In the newly patterened meeting, the Parents of one Class, the same division of the class, met together with the Class Teacher and their children, in a full group, had a general session followed by individual one on one meeting for those parents who wanted to have more to say/ask. From nine in the morning to twelve noon the room was fully populated 🙂 Well I have 52 students, most of whose parents did attend 🙂 .

A lot of common issues were taken up first, else what usually happens is that the same question gets asked innumerable times. Eg. My son/daughter does not read. How can I get him/her to do so? Or He/She just does not open her text books! What can we do.
(Mind you, this same question would have been asked by the same parent, on all the previous occasions we would have met 😀 Do you get the exasperated feeling I sometimes have? )  So these were addressed early, in the whole group, thinking that it would not get repeated later. Boy! Was I wrong! Now I know I shall have even more patience with their kids! 😀

A few pointers were also given. Asking parents to be aware of what their child does on the internet, their use of FB, who calls, what is discussed 😀 And also the fact that most times notes are copied over the phone, instead of being completed in class, where they are given time to 😀

The moment I indicated that the general session was over, my table was surrounded. Fighting panic, I suggested the parents join a line that had already formed, to my right, where there was more space. I must admit that they complied. Perhaps because I did not listen to anyone’s remarks/questions/ suggestions, but only smiled, broadly and insisted, patiently that they do. The smile I am sure did not reach my eyes! 😛 And, well, they probably knew what their kids had told them about the ogre I could be 😛 😛

While most parents were kind and inquired after my health, and expressed they were glad to see my (typo, do excuse me :D) me back, one particular irritable parent came with his stubborn looking son, and his long suffering wife. (This child had, in the previous year, been caught for being part of a group of boys who supplied/exchanged/ shared pornographic films – they’re known more familiarly here as “Blue Films” – in school. Sigh. Please believe this to be entirely true. 😦 ) The child in question, let’s call him A, was all ready for a verbal lashing from the teacher (me) to his father, who was adept at it, and who looked belligerently, daring the teacher to say anything kind about him. I mean, here was a child, who has never had much positive said about him, either at home, or at school (an only child).

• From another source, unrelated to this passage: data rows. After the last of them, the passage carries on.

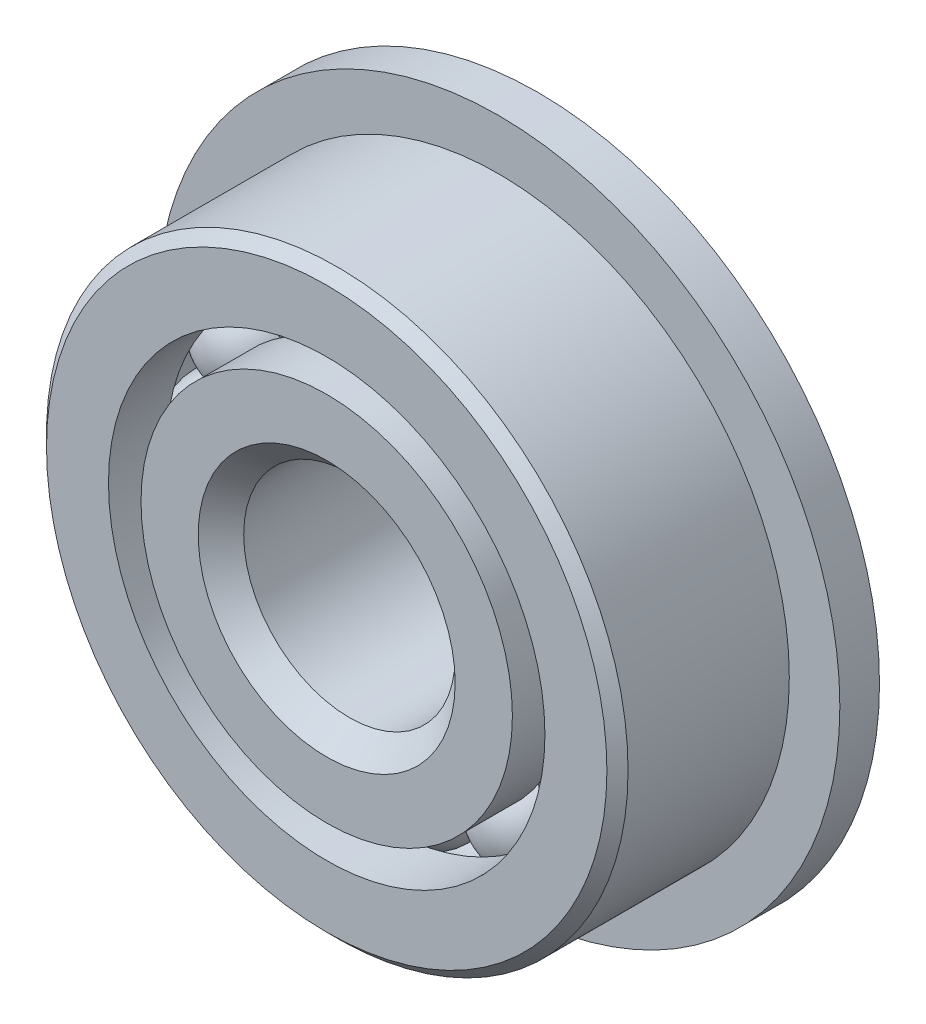
ISO-10303-21;
HEADER;
FILE_DESCRIPTION(('STEP AP214'),'2;1');
FILE_NAME('part.step','',(''),(''),'','','');
FILE_SCHEMA(('AUTOMOTIVE_DESIGN { 1 0 10303 214 1 1 1 1 }'));
ENDSEC;
DATA;
#1=APPLICATION_CONTEXT('core data for automotive mechanical design processes');
#2=APPLICATION_PROTOCOL_DEFINITION('international standard','automotive_design',2000,#1);
#3=PRODUCT_CONTEXT('',#1,'mechanical');
#4=PRODUCT('Part','Part','',(#3));
#5=PRODUCT_RELATED_PRODUCT_CATEGORY('part','',(#4));
#6=PRODUCT_DEFINITION_FORMATION('','',#4);
#7=PRODUCT_DEFINITION_CONTEXT('part definition',#1,'design');
#8=PRODUCT_DEFINITION('design','',#6,#7);
#9=PRODUCT_DEFINITION_SHAPE('','',#8);
#10=(LENGTH_UNIT() NAMED_UNIT(*) SI_UNIT(.MILLI.,.METRE.));
#11=(NAMED_UNIT(*) PLANE_ANGLE_UNIT() SI_UNIT($,.RADIAN.));
#12=(NAMED_UNIT(*) SI_UNIT($,.STERADIAN.) SOLID_ANGLE_UNIT());
#13=UNCERTAINTY_MEASURE_WITH_UNIT(LENGTH_MEASURE(1.E-05),#10,'distance_accuracy_value','');
#14=(GEOMETRIC_REPRESENTATION_CONTEXT(3) GLOBAL_UNCERTAINTY_ASSIGNED_CONTEXT((#13)) GLOBAL_UNIT_ASSIGNED_CONTEXT((#10,
#11,#12)) REPRESENTATION_CONTEXT('',''));
#15=CARTESIAN_POINT('',(0.,0.,0.));
#16=DIRECTION('',(0.,0.,1.));
#17=DIRECTION('',(1.,0.,0.));
#18=AXIS2_PLACEMENT_3D('',#15,#16,#17);
#19=CARTESIAN_POINT('',(-3.03212499999993,5.25179455489982,0.));
#20=DIRECTION('',(0.,0.,1.));
#21=DIRECTION('',(-0.499999999999989,0.866025403784445,0.));
#22=AXIS2_PLACEMENT_3D('',#19,#20,#21);
#23=SPHERICAL_SURFACE('',#22,1.524);
#24=CARTESIAN_POINT('',(-3.03212499999993,5.25179455489982,1.524));
#25=VERTEX_POINT('',#24);
#26=VERTEX_LOOP('',#25);
#27=FACE_BOUND('',#26,.T.);
#28=ADVANCED_FACE('F39',(#27),#23,.T.);
#29=CLOSED_SHELL('',(#28));
#30=MANIFOLD_SOLID_BREP('B2',#29);
#31=CARTESIAN_POINT('',(-5.25179455489975,3.03212500000006,0.));
#32=DIRECTION('',(0.,0.,1.));
#33=DIRECTION('',(-0.866025403784433,0.50000000000001,0.));
#34=AXIS2_PLACEMENT_3D('',#31,#32,#33);
#35=SPHERICAL_SURFACE('',#34,1.524);
#36=CARTESIAN_POINT('',(-5.25179455489975,3.03212500000006,1.524));
#37=VERTEX_POINT('',#36);
#38=VERTEX_LOOP('',#37);
#39=FACE_BOUND('',#38,.T.);
#40=ADVANCED_FACE('F60',(#39),#35,.T.);
#41=CLOSED_SHELL('',(#40));
#42=MANIFOLD_SOLID_BREP('B6',#41);
#43=CARTESIAN_POINT('',(-6.06425,0.,0.));
#44=DIRECTION('',(0.,0.,1.));
#45=DIRECTION('',(-1.,0.,0.));
#46=AXIS2_PLACEMENT_3D('',#43,#44,#45);
#47=SPHERICAL_SURFACE('',#46,1.524);
#48=CARTESIAN_POINT('',(-6.06425,0.,1.524));
#49=VERTEX_POINT('',#48);
#50=VERTEX_LOOP('',#49);
#51=FACE_BOUND('',#50,.T.);
#52=ADVANCED_FACE('F81',(#51),#47,.T.);
#53=CLOSED_SHELL('',(#52));
#54=MANIFOLD_SOLID_BREP('B35',#53);
#55=CARTESIAN_POINT('',(-5.25179455489981,-3.03212499999995,0.));
#56=DIRECTION('',(0.,0.,1.));
#57=DIRECTION('',(-0.866025403784443,-0.499999999999992,0.));
#58=AXIS2_PLACEMENT_3D('',#55,#56,#57);
#59=SPHERICAL_SURFACE('',#58,1.524);
#60=CARTESIAN_POINT('',(-5.25179455489981,-3.03212499999995,1.524));
#61=VERTEX_POINT('',#60);
#62=VERTEX_LOOP('',#61);
#63=FACE_BOUND('',#62,.T.);
#64=ADVANCED_FACE('F102',(#63),#59,.T.);
#65=CLOSED_SHELL('',(#64));
#66=MANIFOLD_SOLID_BREP('B56',#65);
#67=CARTESIAN_POINT('',(-3.03212500000004,-5.25179455489976,0.));
#68=DIRECTION('',(0.,0.,1.));
#69=DIRECTION('',(-0.500000000000007,-0.866025403784435,0.));
#70=AXIS2_PLACEMENT_3D('',#67,#68,#69);
#71=SPHERICAL_SURFACE('',#70,1.524);
#72=CARTESIAN_POINT('',(-3.03212500000004,-5.25179455489976,1.524));
#73=VERTEX_POINT('',#72);
#74=VERTEX_LOOP('',#73);
#75=FACE_BOUND('',#74,.T.);
#76=ADVANCED_FACE('F123',(#75),#71,.T.);
#77=CLOSED_SHELL('',(#76));
#78=MANIFOLD_SOLID_BREP('B77',#77);
#79=CARTESIAN_POINT('',(0.,-6.06425,0.));
#80=DIRECTION('',(0.,0.,1.));
#81=DIRECTION('',(0.,-1.,0.));
#82=AXIS2_PLACEMENT_3D('',#79,#80,#81);
#83=SPHERICAL_SURFACE('',#82,1.524);
#84=CARTESIAN_POINT('',(0.,-6.06425,1.524));
#85=VERTEX_POINT('',#84);
#86=VERTEX_LOOP('',#85);
#87=FACE_BOUND('',#86,.T.);
#88=ADVANCED_FACE('F144',(#87),#83,.T.);
#89=CLOSED_SHELL('',(#88));
#90=MANIFOLD_SOLID_BREP('B98',#89);
#91=CARTESIAN_POINT('',(3.03212499999997,-5.2517945548998,0.));
#92=DIRECTION('',(0.,0.,1.));
#93=DIRECTION('',(0.499999999999995,-0.866025403784442,0.));
#94=AXIS2_PLACEMENT_3D('',#91,#92,#93);
#95=SPHERICAL_SURFACE('',#94,1.524);
#96=CARTESIAN_POINT('',(3.03212499999997,-5.2517945548998,1.524));
#97=VERTEX_POINT('',#96);
#98=VERTEX_LOOP('',#97);
#99=FACE_BOUND('',#98,.T.);
#100=ADVANCED_FACE('F165',(#99),#95,.T.);
#101=CLOSED_SHELL('',(#100));
#102=MANIFOLD_SOLID_BREP('B119',#101);
#103=CARTESIAN_POINT('',(5.25179455489977,-3.03212500000002,0.));
#104=DIRECTION('',(0.,0.,1.));
#105=DIRECTION('',(0.866025403784436,-0.500000000000004,0.));
#106=AXIS2_PLACEMENT_3D('',#103,#104,#105);
#107=SPHERICAL_SURFACE('',#106,1.524);
#108=CARTESIAN_POINT('',(5.25179455489977,-3.03212500000002,1.524));
#109=VERTEX_POINT('',#108);
#110=VERTEX_LOOP('',#109);
#111=FACE_BOUND('',#110,.T.);
#112=ADVANCED_FACE('F186',(#111),#107,.T.);
#113=CLOSED_SHELL('',(#112));
#114=MANIFOLD_SOLID_BREP('B140',#113);
#115=CARTESIAN_POINT('',(6.06425,0.,0.));
#116=DIRECTION('',(0.,0.,1.));
#117=DIRECTION('',(1.,0.,0.));
#118=AXIS2_PLACEMENT_3D('',#115,#116,#117);
#119=SPHERICAL_SURFACE('',#118,1.524);
#120=CARTESIAN_POINT('',(6.06425,0.,1.524));
#121=VERTEX_POINT('',#120);
#122=VERTEX_LOOP('',#121);
#123=FACE_BOUND('',#122,.T.);
#124=ADVANCED_FACE('F207',(#123),#119,.T.);
#125=CLOSED_SHELL('',(#124));
#126=MANIFOLD_SOLID_BREP('B161',#125);
#127=CARTESIAN_POINT('',(5.25179455489979,3.03212499999999,0.));
#128=DIRECTION('',(0.,0.,1.));
#129=DIRECTION('',(0.86602540378444,0.499999999999998,0.));
#130=AXIS2_PLACEMENT_3D('',#127,#128,#129);
#131=SPHERICAL_SURFACE('',#130,1.524);
#132=CARTESIAN_POINT('',(5.25179455489979,3.03212499999999,1.524));
#133=VERTEX_POINT('',#132);
#134=VERTEX_LOOP('',#133);
#135=FACE_BOUND('',#134,.T.);
#136=ADVANCED_FACE('F228',(#135),#131,.T.);
#137=CLOSED_SHELL('',(#136));
#138=MANIFOLD_SOLID_BREP('B182',#137);
#139=CARTESIAN_POINT('',(3.03212500000001,5.25179455489978,0.));
#140=DIRECTION('',(0.,0.,1.));
#141=DIRECTION('',(0.500000000000001,0.866025403784438,0.));
#142=AXIS2_PLACEMENT_3D('',#139,#140,#141);
#143=SPHERICAL_SURFACE('',#142,1.524);
#144=CARTESIAN_POINT('',(3.03212500000001,5.25179455489978,1.524));
#145=VERTEX_POINT('',#144);
#146=VERTEX_LOOP('',#145);
#147=FACE_BOUND('',#146,.T.);
#148=ADVANCED_FACE('F249',(#147),#143,.T.);
#149=CLOSED_SHELL('',(#148));
#150=MANIFOLD_SOLID_BREP('B203',#149);
#151=CARTESIAN_POINT('',(0.,6.06425,0.));
#152=DIRECTION('',(0.,0.,1.));
#153=DIRECTION('',(0.,1.,0.));
#154=AXIS2_PLACEMENT_3D('',#151,#152,#153);
#155=SPHERICAL_SURFACE('',#154,1.524);
#156=CARTESIAN_POINT('',(0.,6.06425,1.524));
#157=VERTEX_POINT('',#156);
#158=VERTEX_LOOP('',#157);
#159=FACE_BOUND('',#158,.T.);
#160=ADVANCED_FACE('F271',(#159),#155,.T.);
#161=CLOSED_SHELL('',(#160));
#162=MANIFOLD_SOLID_BREP('B224',#161);
#163=CARTESIAN_POINT('',(0.,0.,3.175));
#164=DIRECTION('',(0.,0.,1.));
#165=DIRECTION('',(1.,0.,0.));
#166=AXIS2_PLACEMENT_3D('',#163,#164,#165);
#167=CYLINDRICAL_SURFACE('',#166,5.57578846153846);
#168=CARTESIAN_POINT('',(0.,0.,-1.44360012657376));
#169=DIRECTION('',(0.,0.,1.));
#170=DIRECTION('',(1.,0.,0.));
#171=AXIS2_PLACEMENT_3D('',#168,#169,#170);
#172=CIRCLE('',#171,5.57578846153846);
#173=CARTESIAN_POINT('',(5.57578846153846,0.,-1.44360012657376));
#174=VERTEX_POINT('',#173);
#175=EDGE_CURVE('E302',#174,#174,#172,.T.);
#176=ORIENTED_EDGE('',*,*,#175,.F.);
#177=EDGE_LOOP('',(#176));
#178=FACE_BOUND('',#177,.T.);
#179=CARTESIAN_POINT('',(0.,0.,-4.7625));
#180=DIRECTION('',(0.,0.,1.));
#181=DIRECTION('',(1.,0.,0.));
#182=AXIS2_PLACEMENT_3D('',#179,#180,#181);
#183=CIRCLE('',#182,5.57578846153846);
#184=CARTESIAN_POINT('',(5.57578846153846,0.,-4.7625));
#185=VERTEX_POINT('',#184);
#186=EDGE_CURVE('E306',#185,#185,#183,.T.);
#187=ORIENTED_EDGE('',*,*,#186,.T.);
#188=EDGE_LOOP('',(#187));
#189=FACE_BOUND('',#188,.T.);
#190=ADVANCED_FACE('F291',(#178,#189),#167,.T.);
#191=CARTESIAN_POINT('',(0.,3.4925,-4.7625));
#192=DIRECTION('',(0.,0.,1.));
#193=DIRECTION('',(1.,0.,0.));
#194=AXIS2_PLACEMENT_3D('',#191,#192,#193);
#195=PLANE('',#194);
#196=ORIENTED_EDGE('',*,*,#186,.F.);
#197=EDGE_LOOP('',(#196));
#198=FACE_BOUND('',#197,.T.);
#199=CARTESIAN_POINT('',(0.,0.,-4.7625));
#200=DIRECTION('',(0.,0.,1.));
#201=DIRECTION('',(1.,0.,0.));
#202=AXIS2_PLACEMENT_3D('',#199,#200,#201);
#203=CIRCLE('',#202,3.4925);
#204=CARTESIAN_POINT('',(3.4925,0.,-4.7625));
#205=VERTEX_POINT('',#204);
#206=EDGE_CURVE('E311',#205,#205,#203,.T.);
#207=ORIENTED_EDGE('',*,*,#206,.T.);
#208=EDGE_LOOP('',(#207));
#209=FACE_BOUND('',#208,.T.);
#210=ADVANCED_FACE('F338',(#198,#209),#195,.F.);
#211=CARTESIAN_POINT('',(0.,0.,-4.445));
#212=DIRECTION('',(0.,0.,-1.));
#213=DIRECTION('',(-1.,0.,0.));
#214=AXIS2_PLACEMENT_3D('',#211,#212,#213);
#215=CONICAL_SURFACE('',#214,3.175,0.785398163397443);
#216=ORIENTED_EDGE('',*,*,#206,.F.);
#217=EDGE_LOOP('',(#216));
#218=FACE_BOUND('',#217,.T.);
#219=CARTESIAN_POINT('',(0.,0.,-4.445));
#220=DIRECTION('',(0.,0.,1.));
#221=DIRECTION('',(1.,0.,0.));
#222=AXIS2_PLACEMENT_3D('',#219,#220,#221);
#223=CIRCLE('',#222,3.175);
#224=CARTESIAN_POINT('',(3.175,0.,-4.445));
#225=VERTEX_POINT('',#224);
#226=EDGE_CURVE('E314',#225,#225,#223,.T.);
#227=ORIENTED_EDGE('',*,*,#226,.T.);
#228=EDGE_LOOP('',(#227));
#229=FACE_BOUND('',#228,.T.);
#230=ADVANCED_FACE('F344',(#218,#229),#215,.F.);
#231=CARTESIAN_POINT('',(0.,0.,3.175));
#232=DIRECTION('',(0.,0.,1.));
#233=DIRECTION('',(1.,0.,0.));
#234=AXIS2_PLACEMENT_3D('',#231,#232,#233);
#235=CYLINDRICAL_SURFACE('',#234,3.175);
#236=ORIENTED_EDGE('',*,*,#226,.F.);
#237=EDGE_LOOP('',(#236));
#238=FACE_BOUND('',#237,.T.);
#239=CARTESIAN_POINT('',(0.,0.,2.492375));
#240=DIRECTION('',(0.,0.,1.));
#241=DIRECTION('',(1.,0.,0.));
#242=AXIS2_PLACEMENT_3D('',#239,#240,#241);
#243=CIRCLE('',#242,3.175);
#244=CARTESIAN_POINT('',(3.175,0.,2.492375));
#245=VERTEX_POINT('',#244);
#246=EDGE_CURVE('E317',#245,#245,#243,.T.);
#247=ORIENTED_EDGE('',*,*,#246,.T.);
#248=EDGE_LOOP('',(#247));
#249=FACE_BOUND('',#248,.T.);
#250=ADVANCED_FACE('F334',(#238,#249),#235,.F.);
#251=CARTESIAN_POINT('',(0.,0.,3.175));
#252=DIRECTION('',(0.,0.,1.));
#253=DIRECTION('',(1.,0.,0.));
#254=AXIS2_PLACEMENT_3D('',#251,#252,#253);
#255=CONICAL_SURFACE('',#254,3.857625,0.78539816339745);
#256=ORIENTED_EDGE('',*,*,#246,.F.);
#257=EDGE_LOOP('',(#256));
#258=FACE_BOUND('',#257,.T.);
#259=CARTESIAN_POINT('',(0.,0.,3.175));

Father: Teacher, what do you have to say about him? (Pointing to his son, whose expression was filled with daggers at his father)

A (his thoughts, probably): Dad, can’t you just shut up?!

Me: Oh, A? Yes, well, he’s improved vastly, and he pays attention in class. I must tell you that was one the few children in class who had completed his notes and had even done it neatly. I checked yesterday. Isn’t it, A? (A. nods, quickly looks at father, and the sullen expression is back when he sees no smile on his father’s face.)

Father: But, teacher, he does not speak in English at all!

Me: Oh he does, to me, in English class. And in most of the other classes!

Father: But to others in class, he does not. (all this is spoken in Malayalam 😛 )

Me: (Smiling through my teeth 😀 )You see, Sir, why does anyone use a language? To communicate. And if A can communicate in Malayalam, when there is no need for him to use it (read, no Teachers are around to check 😀 ) why would he? Would you? Language as I see it, is need based, and if they can get by in another language they will. Most kids I know, who can speak English fluently still use Malayalam to interact with each other. All classes. And if he were to continuously speak only in English, he would be laughed at, here. Peer pressure is a strong deterrent, so while I am sorry he does, not, and because we do not have “punishments” to check that, sometimes this happens. But , I assure you, he can speak, and well too.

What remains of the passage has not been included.